Required action: When you restate the records, do so word for word and omit any picture they contain.

------------------------------

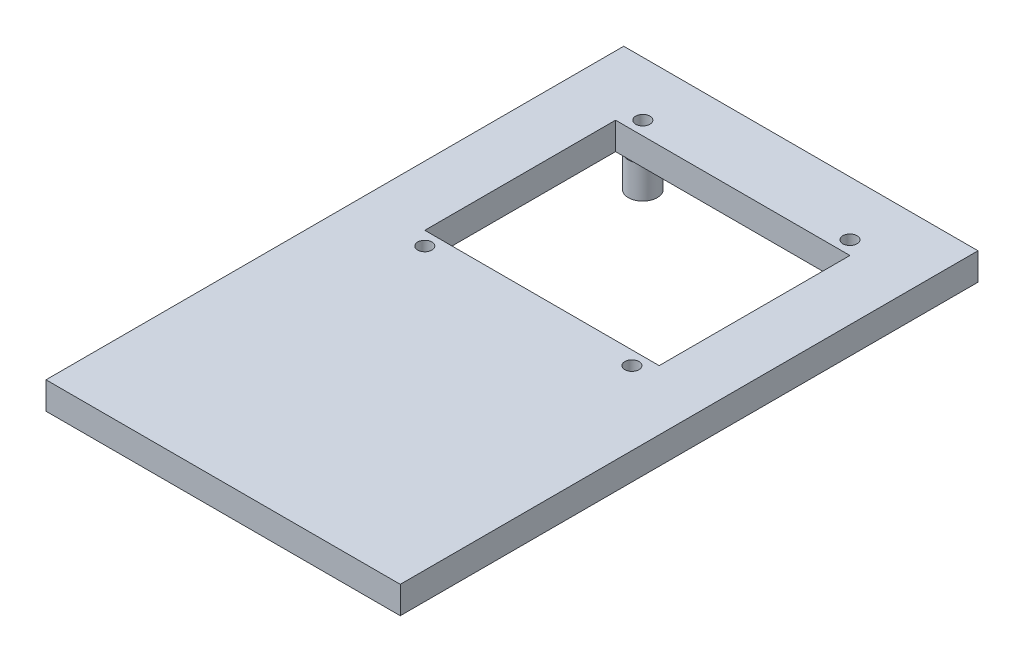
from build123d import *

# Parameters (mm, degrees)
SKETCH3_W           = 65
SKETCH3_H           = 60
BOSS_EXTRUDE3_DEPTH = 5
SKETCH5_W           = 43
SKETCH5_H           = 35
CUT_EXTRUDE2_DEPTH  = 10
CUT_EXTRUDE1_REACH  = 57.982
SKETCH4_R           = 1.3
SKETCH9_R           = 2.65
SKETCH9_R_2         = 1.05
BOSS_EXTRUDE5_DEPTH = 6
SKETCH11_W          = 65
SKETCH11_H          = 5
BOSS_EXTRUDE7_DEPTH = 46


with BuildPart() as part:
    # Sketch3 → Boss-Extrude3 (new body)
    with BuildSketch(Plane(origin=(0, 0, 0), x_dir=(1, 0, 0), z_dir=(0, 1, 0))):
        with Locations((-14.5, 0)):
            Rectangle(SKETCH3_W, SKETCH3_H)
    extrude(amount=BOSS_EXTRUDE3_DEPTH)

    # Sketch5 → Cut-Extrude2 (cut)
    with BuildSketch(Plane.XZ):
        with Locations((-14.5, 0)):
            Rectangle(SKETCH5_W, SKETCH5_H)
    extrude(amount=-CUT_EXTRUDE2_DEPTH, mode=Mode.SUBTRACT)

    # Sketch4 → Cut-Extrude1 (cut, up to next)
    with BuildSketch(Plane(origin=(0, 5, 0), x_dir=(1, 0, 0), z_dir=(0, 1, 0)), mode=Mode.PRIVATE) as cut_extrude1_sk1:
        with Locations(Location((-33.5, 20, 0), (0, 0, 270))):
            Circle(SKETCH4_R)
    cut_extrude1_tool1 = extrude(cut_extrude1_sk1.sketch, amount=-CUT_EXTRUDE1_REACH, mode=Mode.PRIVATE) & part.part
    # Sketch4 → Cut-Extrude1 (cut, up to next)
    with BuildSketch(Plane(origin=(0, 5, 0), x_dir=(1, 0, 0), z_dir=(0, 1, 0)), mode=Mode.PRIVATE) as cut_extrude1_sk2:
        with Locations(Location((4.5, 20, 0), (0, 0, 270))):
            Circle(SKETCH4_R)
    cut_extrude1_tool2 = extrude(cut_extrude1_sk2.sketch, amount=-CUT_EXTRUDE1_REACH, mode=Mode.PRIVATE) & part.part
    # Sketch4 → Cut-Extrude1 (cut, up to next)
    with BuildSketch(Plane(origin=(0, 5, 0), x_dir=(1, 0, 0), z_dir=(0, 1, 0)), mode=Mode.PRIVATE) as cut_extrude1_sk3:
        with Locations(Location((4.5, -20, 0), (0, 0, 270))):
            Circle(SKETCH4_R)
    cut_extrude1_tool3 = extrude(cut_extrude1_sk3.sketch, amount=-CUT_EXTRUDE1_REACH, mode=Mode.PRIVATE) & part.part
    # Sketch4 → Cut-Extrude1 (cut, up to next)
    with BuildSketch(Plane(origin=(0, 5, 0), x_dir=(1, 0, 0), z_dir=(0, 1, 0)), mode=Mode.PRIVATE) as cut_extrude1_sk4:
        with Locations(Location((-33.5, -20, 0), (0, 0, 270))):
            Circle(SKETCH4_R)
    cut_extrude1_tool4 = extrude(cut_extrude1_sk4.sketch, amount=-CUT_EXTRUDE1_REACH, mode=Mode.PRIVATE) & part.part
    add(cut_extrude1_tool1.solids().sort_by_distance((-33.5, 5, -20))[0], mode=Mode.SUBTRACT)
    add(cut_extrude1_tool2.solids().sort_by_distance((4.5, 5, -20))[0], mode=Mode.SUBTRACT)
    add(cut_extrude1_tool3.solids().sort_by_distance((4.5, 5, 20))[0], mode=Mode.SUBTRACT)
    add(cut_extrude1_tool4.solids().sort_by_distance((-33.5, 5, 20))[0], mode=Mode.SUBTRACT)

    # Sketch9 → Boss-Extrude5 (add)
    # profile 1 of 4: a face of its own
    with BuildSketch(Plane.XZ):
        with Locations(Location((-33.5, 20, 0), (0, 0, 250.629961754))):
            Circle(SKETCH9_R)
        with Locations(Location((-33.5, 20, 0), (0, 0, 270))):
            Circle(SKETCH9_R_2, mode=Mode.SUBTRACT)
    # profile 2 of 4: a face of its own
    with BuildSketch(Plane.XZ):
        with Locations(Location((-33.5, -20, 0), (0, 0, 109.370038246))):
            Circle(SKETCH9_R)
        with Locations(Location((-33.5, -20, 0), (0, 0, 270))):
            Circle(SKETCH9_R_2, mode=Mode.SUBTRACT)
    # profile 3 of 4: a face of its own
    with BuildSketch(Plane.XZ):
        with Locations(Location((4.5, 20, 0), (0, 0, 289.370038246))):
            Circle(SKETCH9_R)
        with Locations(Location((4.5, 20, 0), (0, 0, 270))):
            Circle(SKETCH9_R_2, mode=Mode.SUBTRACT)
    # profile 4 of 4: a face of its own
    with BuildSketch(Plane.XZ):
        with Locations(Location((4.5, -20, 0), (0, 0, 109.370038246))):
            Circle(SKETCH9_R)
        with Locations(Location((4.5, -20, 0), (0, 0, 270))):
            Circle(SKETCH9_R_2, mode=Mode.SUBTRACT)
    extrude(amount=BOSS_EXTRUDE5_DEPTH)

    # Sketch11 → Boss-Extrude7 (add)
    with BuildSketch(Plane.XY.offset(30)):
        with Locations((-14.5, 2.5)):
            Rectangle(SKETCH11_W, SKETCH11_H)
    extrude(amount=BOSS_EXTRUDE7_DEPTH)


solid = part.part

------------------------------

Task output:
from build123d import *

# Parameters (mm, degrees)
SKETCH3_W           = 65
SKETCH3_H           = 60
BOSS_EXTRUDE3_DEPTH = 5
SKETCH5_W           = 43
SKETCH5_H           = 35
CUT_EXTRUDE2_DEPTH  = 10
CUT_EXTRUDE1_REACH  = 57.982
SKETCH4_R           = 1.3
SKETCH9_R           = 2.65
SKETCH9_R_2         = 1.05
BOSS_EXTRUDE5_DEPTH = 6
SKETCH11_W          = 65
SKETCH11_H          = 5
BOSS_EXTRUDE7_DEPTH = 46


with BuildPart() as part:
    # Sketch3 → Boss-Extrude3 (new body)
    with BuildSketch(Plane(origin=(0, 0, 0), x_dir=(1, 0, 0), z_dir=(0, 1, 0))):
        with Locations((-14.5, 0)):
            Rectangle(SKETCH3_W, SKETCH3_H)
    extrude(amount=BOSS_EXTRUDE3_DEPTH)

    # Sketch5 → Cut-Extrude2 (cut)
    with BuildSketch(Plane.XZ):
        with Locations((-14.5, 0)):
            Rectangle(SKETCH5_W, SKETCH5_H)
    extrude(amount=-CUT_EXTRUDE2_DEPTH, mode=Mode.SUBTRACT)

    # Sketch4 → Cut-Extrude1 (cut, up to next)
    with BuildSketch(Plane(origin=(0, 5, 0), x_dir=(1, 0, 0), z_dir=(0, 1, 0)), mode=Mode.PRIVATE) as cut_extrude1_sk1:
        with Locations(Location((-33.5, 20, 0), (0, 0, 270))):
            Circle(SKETCH4_R)
    cut_extrude1_tool1 = extrude(cut_extrude1_sk1.sketch, amount=-CUT_EXTRUDE1_REACH, mode=Mode.PRIVATE) & part.part
    # Sketch4 → Cut-Extrude1 (cut, up to next)
    with BuildSketch(Plane(origin=(0, 5, 0), x_dir=(1, 0, 0), z_dir=(0, 1, 0)), mode=Mode.PRIVATE) as cut_extrude1_sk2:
        with Locations(Location((4.5, 20, 0), (0, 0, 270))):
            Circle(SKETCH4_R)
    cut_extrude1_tool2 = extrude(cut_extrude1_sk2.sketch, amount=-CUT_EXTRUDE1_REACH, mode=Mode.PRIVATE) & part.part
    # Sketch4 → Cut-Extrude1 (cut, up to next)
    with BuildSketch(Plane(origin=(0, 5, 0), x_dir=(1, 0, 0), z_dir=(0, 1, 0)), mode=Mode.PRIVATE) as cut_extrude1_sk3:
        with Locations(Location((4.5, -20, 0), (0, 0, 270))):
            Circle(SKETCH4_R)
    cut_extrude1_tool3 = extrude(cut_extrude1_sk3.sketch, amount=-CUT_EXTRUDE1_REACH, mode=Mode.PRIVATE) & part.part
    # Sketch4 → Cut-Extrude1 (cut, up to next)
    with BuildSketch(Plane(origin=(0, 5, 0), x_dir=(1, 0, 0), z_dir=(0, 1, 0)), mode=Mode.PRIVATE) as cut_extrude1_sk4:
        with Locations(Location((-33.5, -20, 0), (0, 0, 270))):
            Circle(SKETCH4_R)
    cut_extrude1_tool4 = extrude(cut_extrude1_sk4.sketch, amount=-CUT_EXTRUDE1_REACH, mode=Mode.PRIVATE) & part.part
    add(cut_extrude1_tool1.solids().sort_by_distance((-33.5, 5, -20))[0], mode=Mode.SUBTRACT)
    add(cut_extrude1_tool2.solids().sort_by_distance((4.5, 5, -20))[0], mode=Mode.SUBTRACT)
    add(cut_extrude1_tool3.solids().sort_by_distance((4.5, 5, 20))[0], mode=Mode.SUBTRACT)
    add(cut_extrude1_tool4.solids().sort_by_distance((-33.5, 5, 20))[0], mode=Mode.SUBTRACT)

    # Sketch9 → Boss-Extrude5 (add)
    # profile 1 of 4: a face of its own
    with BuildSketch(Plane.XZ):
        with Locations(Location((-33.5, 20, 0), (0, 0, 250.629961754))):
            Circle(SKETCH9_R)
        with Locations(Location((-33.5, 20, 0), (0, 0, 270))):
            Circle(SKETCH9_R_2, mode=Mode.SUBTRACT)
    # profile 2 of 4: a face of its own
    with BuildSketch(Plane.XZ):
        with Locations(Location((-33.5, -20, 0), (0, 0, 109.370038246))):
            Circle(SKETCH9_R)
        with Locations(Location((-33.5, -20, 0), (0, 0, 270))):
            Circle(SKETCH9_R_2, mode=Mode.SUBTRACT)
    # profile 3 of 4: a face of its own
    with BuildSketch(Plane.XZ):
        with Locations(Location((4.5, 20, 0), (0, 0, 289.370038246))):
            Circle(SKETCH9_R)
        with Locations(Location((4.5, 20, 0), (0, 0, 270))):
            Circle(SKETCH9_R_2, mode=Mode.SUBTRACT)
    # profile 4 of 4: a face of its own
    with BuildSketch(Plane.XZ):
        with Locations(Location((4.5, -20, 0), (0, 0, 109.370038246))):
            Circle(SKETCH9_R)
        with Locations(Location((4.5, -20, 0), (0, 0, 270))):
            Circle(SKETCH9_R_2, mode=Mode.SUBTRACT)
    extrude(amount=BOSS_EXTRUDE5_DEPTH)

    # Sketch11 → Boss-Extrude7 (add)
    with BuildSketch(Plane.XY.offset(30)):
        with Locations((-14.5, 2.5)):
            Rectangle(SKETCH11_W, SKETCH11_H)
    extrude(amount=BOSS_EXTRUDE7_DEPTH)


solid = part.part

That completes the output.